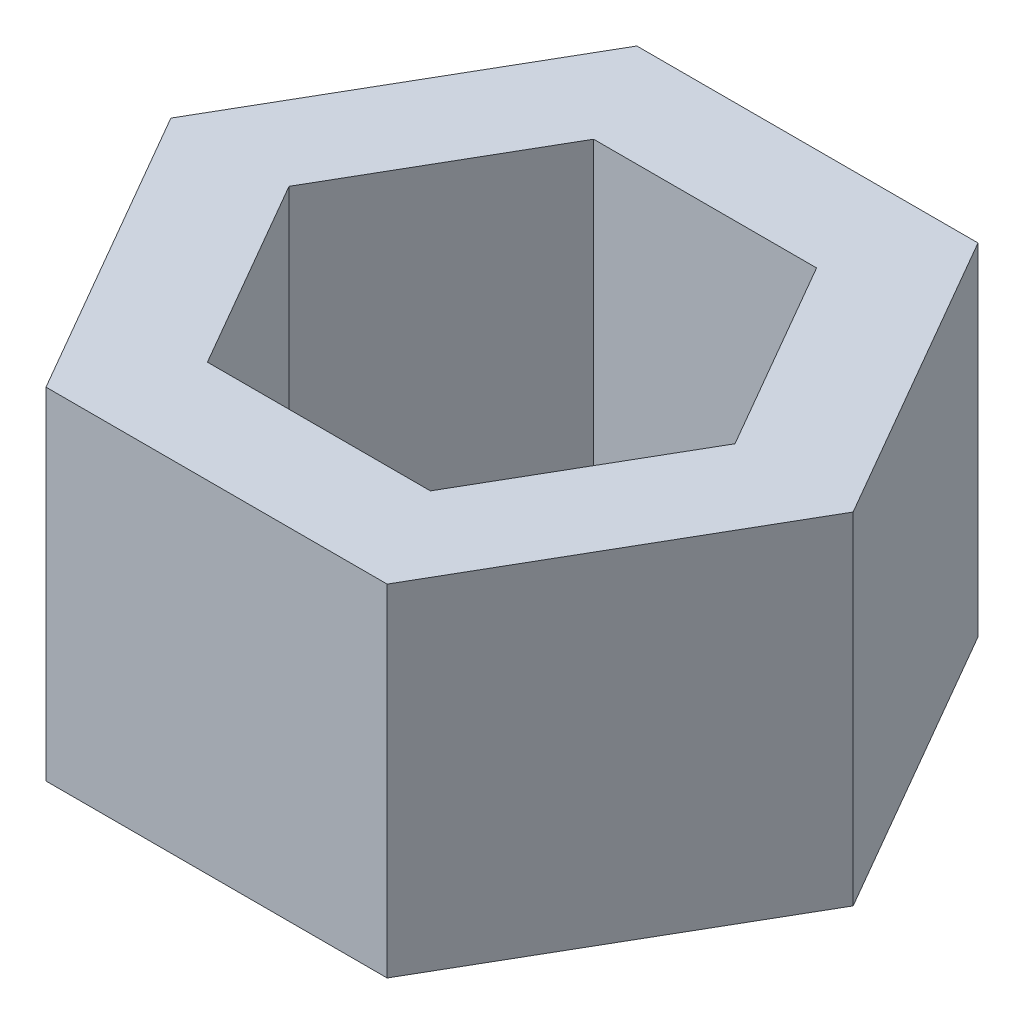
ISO-10303-21;
HEADER;
FILE_DESCRIPTION(('STEP AP214'),'2;1');
FILE_NAME('part.step','',(''),(''),'','','');
FILE_SCHEMA(('AUTOMOTIVE_DESIGN { 1 0 10303 214 1 1 1 1 }'));
ENDSEC;
DATA;
#1=APPLICATION_CONTEXT('core data for automotive mechanical design processes');
#2=APPLICATION_PROTOCOL_DEFINITION('international standard','automotive_design',2000,#1);
#3=PRODUCT_CONTEXT('',#1,'mechanical');
#4=PRODUCT('Part','Part','',(#3));
#5=PRODUCT_RELATED_PRODUCT_CATEGORY('part','',(#4));
#6=PRODUCT_DEFINITION_FORMATION('','',#4);
#7=PRODUCT_DEFINITION_CONTEXT('part definition',#1,'design');
#8=PRODUCT_DEFINITION('design','',#6,#7);
#9=PRODUCT_DEFINITION_SHAPE('','',#8);
#10=(LENGTH_UNIT() NAMED_UNIT(*) SI_UNIT(.MILLI.,.METRE.));
#11=(NAMED_UNIT(*) PLANE_ANGLE_UNIT() SI_UNIT($,.RADIAN.));
#12=(NAMED_UNIT(*) SI_UNIT($,.STERADIAN.) SOLID_ANGLE_UNIT());
#13=UNCERTAINTY_MEASURE_WITH_UNIT(LENGTH_MEASURE(1.E-05),#10,'distance_accuracy_value','');
#14=(GEOMETRIC_REPRESENTATION_CONTEXT(3) GLOBAL_UNCERTAINTY_ASSIGNED_CONTEXT((#13)) GLOBAL_UNIT_ASSIGNED_CONTEXT((#10,
#11,#12)) REPRESENTATION_CONTEXT('',''));
#15=CARTESIAN_POINT('',(0.,0.,0.));
#16=DIRECTION('',(0.,0.,1.));
#17=DIRECTION('',(1.,0.,0.));
#18=AXIS2_PLACEMENT_3D('',#15,#16,#17);
#19=CARTESIAN_POINT('',(-50.,50.,0.));
#20=DIRECTION('',(0.866025403784438,0.,-0.5));
#21=DIRECTION('',(-0.5,0.,-0.866025403784439));
#22=AXIS2_PLACEMENT_3D('',#19,#20,#21);
#23=PLANE('',#22);
#24=DIRECTION('',(0.5,0.,0.866025403784438));
#25=VECTOR('',#24,1.);
#26=CARTESIAN_POINT('',(-50.,0.,0.));
#27=LINE('',#26,#25);
#28=CARTESIAN_POINT('',(-50.,0.,0.));
#29=VERTEX_POINT('',#28);
#30=CARTESIAN_POINT('',(-25.,0.,43.3012701892219));
#31=VERTEX_POINT('',#30);
#32=EDGE_CURVE('E166',#29,#31,#27,.T.);
#33=ORIENTED_EDGE('',*,*,#32,.T.);
#34=DIRECTION('',(0.,-1.,0.));
#35=VECTOR('',#34,1.);
#36=CARTESIAN_POINT('',(-25.,50.,43.3012701892219));
#37=LINE('',#36,#35);
#38=CARTESIAN_POINT('',(-25.,50.,43.3012701892219));
#39=VERTEX_POINT('',#38);
#40=EDGE_CURVE('E11',#39,#31,#37,.T.);
#41=ORIENTED_EDGE('',*,*,#40,.F.);
#42=DIRECTION('',(0.5,0.,0.866025403784438));
#43=VECTOR('',#42,1.);
#44=CARTESIAN_POINT('',(-50.,50.,0.));
#45=LINE('',#44,#43);
#46=CARTESIAN_POINT('',(-50.,50.,0.));
#47=VERTEX_POINT('',#46);
#48=EDGE_CURVE('E174',#47,#39,#45,.T.);
#49=ORIENTED_EDGE('',*,*,#48,.F.);
#50=DIRECTION('',(0.,-1.,0.));
#51=VECTOR('',#50,1.);
#52=CARTESIAN_POINT('',(-50.,50.,0.));
#53=LINE('',#52,#51);
#54=EDGE_CURVE('E188',#47,#29,#53,.T.);
#55=ORIENTED_EDGE('',*,*,#54,.T.);
#56=EDGE_LOOP('',(#33,#41,#49,#55));
#57=FACE_BOUND('',#56,.T.);
#58=ADVANCED_FACE('F33',(#57),#23,.F.);
#59=CARTESIAN_POINT('',(-25.,50.,43.3012701892219));
#60=DIRECTION('',(0.,0.,-1.));
#61=DIRECTION('',(-1.,0.,0.));
#62=AXIS2_PLACEMENT_3D('',#59,#60,#61);
#63=PLANE('',#62);
#64=DIRECTION('',(1.,0.,0.));
#65=VECTOR('',#64,1.);
#66=CARTESIAN_POINT('',(-25.,0.,43.3012701892219));
#67=LINE('',#66,#65);
#68=CARTESIAN_POINT('',(25.,0.,43.3012701892219));
#69=VERTEX_POINT('',#68);
#70=EDGE_CURVE('E191',#31,#69,#67,.T.);
#71=ORIENTED_EDGE('',*,*,#70,.T.);
#72=DIRECTION('',(0.,-1.,0.));
#73=VECTOR('',#72,1.);
#74=CARTESIAN_POINT('',(25.,50.,43.3012701892219));
#75=LINE('',#74,#73);
#76=CARTESIAN_POINT('',(25.,50.,43.3012701892219));
#77=VERTEX_POINT('',#76);
#78=EDGE_CURVE('E40',#77,#69,#75,.T.);
#79=ORIENTED_EDGE('',*,*,#78,.F.);
#80=DIRECTION('',(1.,0.,0.));
#81=VECTOR('',#80,1.);
#82=CARTESIAN_POINT('',(-25.,50.,43.3012701892219));
#83=LINE('',#82,#81);
#84=EDGE_CURVE('E177',#39,#77,#83,.T.);
#85=ORIENTED_EDGE('',*,*,#84,.F.);
#86=ORIENTED_EDGE('',*,*,#40,.T.);
#87=EDGE_LOOP('',(#71,#79,#85,#86));
#88=FACE_BOUND('',#87,.T.);
#89=ADVANCED_FACE('F236',(#88),#63,.F.);
#90=CARTESIAN_POINT('',(25.,50.,43.3012701892219));
#91=DIRECTION('',(-0.866025403784439,0.,-0.5));
#92=DIRECTION('',(-0.5,0.,0.866025403784439));
#93=AXIS2_PLACEMENT_3D('',#90,#91,#92);
#94=PLANE('',#93);
#95=DIRECTION('',(0.5,0.,-0.866025403784439));
#96=VECTOR('',#95,1.);
#97=CARTESIAN_POINT('',(25.,0.,43.3012701892219));
#98=LINE('',#97,#96);
#99=CARTESIAN_POINT('',(50.,0.,0.));
#100=VERTEX_POINT('',#99);
#101=EDGE_CURVE('E193',#69,#100,#98,.T.);
#102=ORIENTED_EDGE('',*,*,#101,.T.);
#103=DIRECTION('',(0.,-1.,0.));
#104=VECTOR('',#103,1.);
#105=CARTESIAN_POINT('',(50.,50.,0.));
#106=LINE('',#105,#104);
#107=CARTESIAN_POINT('',(50.,50.,0.));
#108=VERTEX_POINT('',#107);
#109=EDGE_CURVE('E208',#108,#100,#106,.T.);
#110=ORIENTED_EDGE('',*,*,#109,.F.);
#111=DIRECTION('',(0.5,0.,-0.866025403784439));
#112=VECTOR('',#111,1.);
#113=CARTESIAN_POINT('',(25.,50.,43.3012701892219));
#114=LINE('',#113,#112);
#115=EDGE_CURVE('E180',#77,#108,#114,.T.);
#116=ORIENTED_EDGE('',*,*,#115,.F.);
#117=ORIENTED_EDGE('',*,*,#78,.T.);
#118=EDGE_LOOP('',(#102,#110,#116,#117));
#119=FACE_BOUND('',#118,.T.);
#120=ADVANCED_FACE('F215',(#119),#94,.F.);
#121=CARTESIAN_POINT('',(50.,50.,0.));
#122=DIRECTION('',(-0.866025403784438,0.,0.5));
#123=DIRECTION('',(0.5,0.,0.866025403784439));
#124=AXIS2_PLACEMENT_3D('',#121,#122,#123);
#125=PLANE('',#124);
#126=DIRECTION('',(-0.5,0.,-0.866025403784438));
#127=VECTOR('',#126,1.);
#128=CARTESIAN_POINT('',(50.,0.,0.));
#129=LINE('',#128,#127);
#130=CARTESIAN_POINT('',(25.,0.,-43.3012701892219));
#131=VERTEX_POINT('',#130);
#132=EDGE_CURVE('E195',#100,#131,#129,.T.);
#133=ORIENTED_EDGE('',*,*,#132,.T.);
#134=DIRECTION('',(0.,-1.,0.));
#135=VECTOR('',#134,1.);
#136=CARTESIAN_POINT('',(25.,50.,-43.3012701892219));
#137=LINE('',#136,#135);
#138=CARTESIAN_POINT('',(25.,50.,-43.3012701892219));
#139=VERTEX_POINT('',#138);
#140=EDGE_CURVE('E205',#139,#131,#137,.T.);
#141=ORIENTED_EDGE('',*,*,#140,.F.);
#142=DIRECTION('',(-0.5,0.,-0.866025403784438));
#143=VECTOR('',#142,1.);
#144=CARTESIAN_POINT('',(50.,50.,0.));
#145=LINE('',#144,#143);
#146=EDGE_CURVE('E182',#108,#139,#145,.T.);
#147=ORIENTED_EDGE('',*,*,#146,.F.);
#148=ORIENTED_EDGE('',*,*,#109,.T.);
#149=EDGE_LOOP('',(#133,#141,#147,#148));
#150=FACE_BOUND('',#149,.T.);
#151=ADVANCED_FACE('F224',(#150),#125,.F.);
#152=CARTESIAN_POINT('',(25.,50.,-43.3012701892219));
#153=DIRECTION('',(0.,0.,1.));
#154=DIRECTION('',(1.,0.,0.));
#155=AXIS2_PLACEMENT_3D('',#152,#153,#154);
#156=PLANE('',#155);
#157=DIRECTION('',(-1.,0.,0.));
#158=VECTOR('',#157,1.);
#159=CARTESIAN_POINT('',(25.,0.,-43.3012701892219));
#160=LINE('',#159,#158);
#161=CARTESIAN_POINT('',(-25.,0.,-43.3012701892219));
#162=VERTEX_POINT('',#161);
#163=EDGE_CURVE('E197',#131,#162,#160,.T.);
#164=ORIENTED_EDGE('',*,*,#163,.T.);
#165=DIRECTION('',(0.,-1.,0.));
#166=VECTOR('',#165,1.);
#167=CARTESIAN_POINT('',(-25.,50.,-43.3012701892219));
#168=LINE('',#167,#166);
#169=CARTESIAN_POINT('',(-25.,50.,-43.3012701892219));
#170=VERTEX_POINT('',#169);
#171=EDGE_CURVE('E202',#170,#162,#168,.T.);
#172=ORIENTED_EDGE('',*,*,#171,.F.);
#173=DIRECTION('',(-1.,0.,0.));
#174=VECTOR('',#173,1.);
#175=CARTESIAN_POINT('',(25.,50.,-43.3012701892219));
#176=LINE('',#175,#174);
#177=EDGE_CURVE('E184',#139,#170,#176,.T.);
#178=ORIENTED_EDGE('',*,*,#177,.F.);
#179=ORIENTED_EDGE('',*,*,#140,.T.);
#180=EDGE_LOOP('',(#164,#172,#178,#179));
#181=FACE_BOUND('',#180,.T.);
#182=ADVANCED_FACE('F228',(#181),#156,.F.);
#183=CARTESIAN_POINT('',(-25.,50.,-43.3012701892219));
#184=DIRECTION('',(0.866025403784439,0.,0.5));
#185=DIRECTION('',(0.5,0.,-0.866025403784439));
#186=AXIS2_PLACEMENT_3D('',#183,#184,#185);
#187=PLANE('',#186);
#188=DIRECTION('',(-0.5,0.,0.866025403784439));
#189=VECTOR('',#188,1.);
#190=CARTESIAN_POINT('',(-25.,0.,-43.3012701892219));
#191=LINE('',#190,#189);
#192=EDGE_CURVE('E178',#162,#29,#191,.T.);
#193=ORIENTED_EDGE('',*,*,#192,.T.);
#194=ORIENTED_EDGE('',*,*,#54,.F.);
#195=DIRECTION('',(-0.5,0.,0.866025403784439));
#196=VECTOR('',#195,1.);
#197=CARTESIAN_POINT('',(-25.,50.,-43.3012701892219));
#198=LINE('',#197,#196);
#199=EDGE_CURVE('E186',#170,#47,#198,.T.);
#200=ORIENTED_EDGE('',*,*,#199,.F.);
#201=ORIENTED_EDGE('',*,*,#171,.T.);
#202=EDGE_LOOP('',(#193,#194,#200,#201));
#203=FACE_BOUND('',#202,.T.);
#204=ADVANCED_FACE('F239',(#203),#187,.F.);
#205=CARTESIAN_POINT('',(0.,50.,0.));
#206=DIRECTION('',(0.,1.,0.));
#207=DIRECTION('',(0.,0.,1.));
#208=AXIS2_PLACEMENT_3D('',#205,#206,#207);
#209=PLANE('',#208);
#210=DIRECTION('',(-0.5,0.,0.866025403784439));
#211=VECTOR('',#210,1.);
#212=CARTESIAN_POINT('',(-16.3397459621556,50.,-28.3012701892219));
#213=LINE('',#212,#211);
#214=CARTESIAN_POINT('',(-16.3397459621556,50.,-28.3012701892219));
#215=VERTEX_POINT('',#214);
#216=CARTESIAN_POINT('',(-32.6794919243112,50.,0.));
#217=VERTEX_POINT('',#216);
#218=EDGE_CURVE('E47',#215,#217,#213,.T.);
#219=ORIENTED_EDGE('',*,*,#218,.F.);
#220=DIRECTION('',(-1.,0.,0.));
#221=VECTOR('',#220,1.);
#222=CARTESIAN_POINT('',(16.3397459621556,50.,-28.3012701892219));
#223=LINE('',#222,#221);
#224=CARTESIAN_POINT('',(16.3397459621556,50.,-28.3012701892219));
#225=VERTEX_POINT('',#224);
#226=EDGE_CURVE('E140',#225,#215,#223,.T.);
#227=ORIENTED_EDGE('',*,*,#226,.F.);
#228=DIRECTION('',(-0.5,0.,-0.866025403784438));
#229=VECTOR('',#228,1.);
#230=CARTESIAN_POINT('',(32.6794919243112,50.,0.));
#231=LINE('',#230,#229);
#232=CARTESIAN_POINT('',(32.6794919243112,50.,0.));
#233=VERTEX_POINT('',#232);
#234=EDGE_CURVE('E143',#233,#225,#231,.T.);
#235=ORIENTED_EDGE('',*,*,#234,.F.);
#236=DIRECTION('',(0.5,0.,-0.866025403784439));
#237=VECTOR('',#236,1.);
#238=CARTESIAN_POINT('',(16.3397459621556,50.,28.3012701892219));
#239=LINE('',#238,#237);
#240=CARTESIAN_POINT('',(16.3397459621556,50.,28.3012701892219));
#241=VERTEX_POINT('',#240);
#242=EDGE_CURVE('E159',#241,#233,#239,.T.);
#243=ORIENTED_EDGE('',*,*,#242,.F.);
#244=DIRECTION('',(1.,0.,0.));
#245=VECTOR('',#244,1.);
#246=CARTESIAN_POINT('',(-16.3397459621556,50.,28.3012701892219));
#247=LINE('',#246,#245);
#248=CARTESIAN_POINT('',(-16.3397459621556,50.,28.3012701892219));
#249=VERTEX_POINT('',#248);
#250=EDGE_CURVE('E156',#249,#241,#247,.T.);
#251=ORIENTED_EDGE('',*,*,#250,.F.);
#252=DIRECTION('',(0.5,0.,0.866025403784439));
#253=VECTOR('',#252,1.);
#254=CARTESIAN_POINT('',(-32.6794919243112,50.,0.));
#255=LINE('',#254,#253);
#256=EDGE_CURVE('E154',#217,#249,#255,.T.);
#257=ORIENTED_EDGE('',*,*,#256,.F.);
#258=EDGE_LOOP('',(#219,#227,#235,#243,#251,#257));
#259=FACE_BOUND('',#258,.T.);
#260=ORIENTED_EDGE('',*,*,#48,.T.);
#261=ORIENTED_EDGE('',*,*,#84,.T.);
#262=ORIENTED_EDGE('',*,*,#115,.T.);
#263=ORIENTED_EDGE('',*,*,#146,.T.);
#264=ORIENTED_EDGE('',*,*,#177,.T.);
#265=ORIENTED_EDGE('',*,*,#199,.T.);
#266=EDGE_LOOP('',(#260,#261,#262,#263,#264,#265));
#267=FACE_BOUND('',#266,.T.);
#268=ADVANCED_FACE('F232',(#259,#267),#209,.T.);
#269=CARTESIAN_POINT('',(0.,0.,0.));
#270=DIRECTION('',(0.,1.,0.));
#271=DIRECTION('',(0.,0.,1.));
#272=AXIS2_PLACEMENT_3D('',#269,#270,#271);
#273=PLANE('',#272);
#274=DIRECTION('',(-1.,0.,0.));
#275=VECTOR('',#274,1.);
#276=CARTESIAN_POINT('',(16.3397459621556,0.,-28.3012701892219));
#277=LINE('',#276,#275);
#278=CARTESIAN_POINT('',(16.3397459621556,0.,-28.3012701892219));
#279=VERTEX_POINT('',#278);
#280=CARTESIAN_POINT('',(-16.3397459621556,0.,-28.3012701892219));
#281=VERTEX_POINT('',#280);
#282=EDGE_CURVE('E129',#279,#281,#277,.T.);
#283=ORIENTED_EDGE('',*,*,#282,.T.);
#284=DIRECTION('',(-0.5,0.,0.866025403784439));
#285=VECTOR('',#284,1.);
#286=CARTESIAN_POINT('',(-16.3397459621556,0.,-28.3012701892219));
#287=LINE('',#286,#285);
#288=CARTESIAN_POINT('',(-32.6794919243112,0.,0.));
#289=VERTEX_POINT('',#288);
#290=EDGE_CURVE('E123',#281,#289,#287,.T.);
#291=ORIENTED_EDGE('',*,*,#290,.T.);
#292=DIRECTION('',(0.5,0.,0.866025403784439));
#293=VECTOR('',#292,1.);
#294=CARTESIAN_POINT('',(-32.6794919243112,0.,0.));
#295=LINE('',#294,#293);
#296=CARTESIAN_POINT('',(-16.3397459621556,0.,28.3012701892219));
#297=VERTEX_POINT('',#296);
#298=EDGE_CURVE('E132',#289,#297,#295,.T.);
#299=ORIENTED_EDGE('',*,*,#298,.T.);
#300=DIRECTION('',(1.,0.,0.));
#301=VECTOR('',#300,1.);
#302=CARTESIAN_POINT('',(-16.3397459621556,0.,28.3012701892219));
#303=LINE('',#302,#301);
#304=CARTESIAN_POINT('',(16.3397459621556,0.,28.3012701892219));
#305=VERTEX_POINT('',#304);
#306=EDGE_CURVE('E55',#297,#305,#303,.T.);
#307=ORIENTED_EDGE('',*,*,#306,.T.);
#308=DIRECTION('',(0.5,0.,-0.866025403784439));
#309=VECTOR('',#308,1.);
#310=CARTESIAN_POINT('',(16.3397459621556,0.,28.3012701892219));
#311=LINE('',#310,#309);
#312=CARTESIAN_POINT('',(32.6794919243112,0.,0.));
#313=VERTEX_POINT('',#312);
#314=EDGE_CURVE('E147',#305,#313,#311,.T.);
#315=ORIENTED_EDGE('',*,*,#314,.T.);
#316=DIRECTION('',(-0.5,0.,-0.866025403784438));
#317=VECTOR('',#316,1.);
#318=CARTESIAN_POINT('',(32.6794919243112,0.,0.));
#319=LINE('',#318,#317);
#320=EDGE_CURVE('E150',#313,#279,#319,.T.);
#321=ORIENTED_EDGE('',*,*,#320,.T.);
#322=EDGE_LOOP('',(#283,#291,#299,#307,#315,#321));
#323=FACE_BOUND('',#322,.T.);
#324=ORIENTED_EDGE('',*,*,#32,.F.);
#325=ORIENTED_EDGE('',*,*,#192,.F.);
#326=ORIENTED_EDGE('',*,*,#163,.F.);
#327=ORIENTED_EDGE('',*,*,#132,.F.);
#328=ORIENTED_EDGE('',*,*,#101,.F.);
#329=ORIENTED_EDGE('',*,*,#70,.F.);
#330=EDGE_LOOP('',(#324,#325,#326,#327,#328,#329));
#331=FACE_BOUND('',#330,.T.);
#332=ADVANCED_FACE('F136',(#323,#331),#273,.F.);
#333=CARTESIAN_POINT('',(-16.3397459621556,0.,-28.3012701892219));
#334=DIRECTION('',(-0.866025403784439,0.,-0.5));
#335=DIRECTION('',(-0.5,0.,0.866025403784439));
#336=AXIS2_PLACEMENT_3D('',#333,#334,#335);
#337=PLANE('',#336);
#338=ORIENTED_EDGE('',*,*,#218,.T.);
#339=DIRECTION('',(0.,1.,0.));
#340=VECTOR('',#339,1.);
#341=CARTESIAN_POINT('',(-32.6794919243112,0.,0.));
#342=LINE('',#341,#340);
#343=EDGE_CURVE('E119',#289,#217,#342,.T.);
#344=ORIENTED_EDGE('',*,*,#343,.F.);
#345=ORIENTED_EDGE('',*,*,#290,.F.);
#346=DIRECTION('',(0.,1.,0.));
#347=VECTOR('',#346,1.);
#348=CARTESIAN_POINT('',(-16.3397459621556,0.,-28.3012701892219));
#349=LINE('',#348,#347);
#350=EDGE_CURVE('E164',#281,#215,#349,.T.);
#351=ORIENTED_EDGE('',*,*,#350,.T.);
#352=EDGE_LOOP('',(#338,#344,#345,#351));
#353=FACE_BOUND('',#352,.T.);
#354=ADVANCED_FACE('F121',(#353),#337,.F.);
#355=CARTESIAN_POINT('',(16.3397459621556,0.,-28.3012701892219));
#356=DIRECTION('',(0.,0.,-1.));
#357=DIRECTION('',(-1.,0.,0.));
#358=AXIS2_PLACEMENT_3D('',#355,#356,#357);
#359=PLANE('',#358);
#360=ORIENTED_EDGE('',*,*,#226,.T.);
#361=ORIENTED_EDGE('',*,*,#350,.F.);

→ **PROBLEM TO WORK ON**: Output the lines above exactly, but only those between the line holding "#83=LINE('',#82,#81);" and the line holding "#104=VECTOR('',#103,1.);", inclusive.

→ **REPLY TO THE EXERCISE**:
#83=LINE('',#82,#81);
#84=EDGE_CURVE('E177',#39,#77,#83,.T.);
#85=ORIENTED_EDGE('',*,*,#84,.F.);
#86=ORIENTED_EDGE('',*,*,#40,.T.);
#87=EDGE_LOOP('',(#71,#79,#85,#86));
#88=FACE_BOUND('',#87,.T.);
#89=ADVANCED_FACE('F236',(#88),#63,.F.);
#90=CARTESIAN_POINT('',(25.,50.,43.3012701892219));
#91=DIRECTION('',(-0.866025403784439,0.,-0.5));
#92=DIRECTION('',(-0.5,0.,0.866025403784439));
#93=AXIS2_PLACEMENT_3D('',#90,#91,#92);
#94=PLANE('',#93);
#95=DIRECTION('',(0.5,0.,-0.866025403784439));
#96=VECTOR('',#95,1.);
#97=CARTESIAN_POINT('',(25.,0.,43.3012701892219));
#98=LINE('',#97,#96);
#99=CARTESIAN_POINT('',(50.,0.,0.));
#100=VERTEX_POINT('',#99);
#101=EDGE_CURVE('E193',#69,#100,#98,.T.);
#102=ORIENTED_EDGE('',*,*,#101,.T.);
#103=DIRECTION('',(0.,-1.,0.));
#104=VECTOR('',#103,1.);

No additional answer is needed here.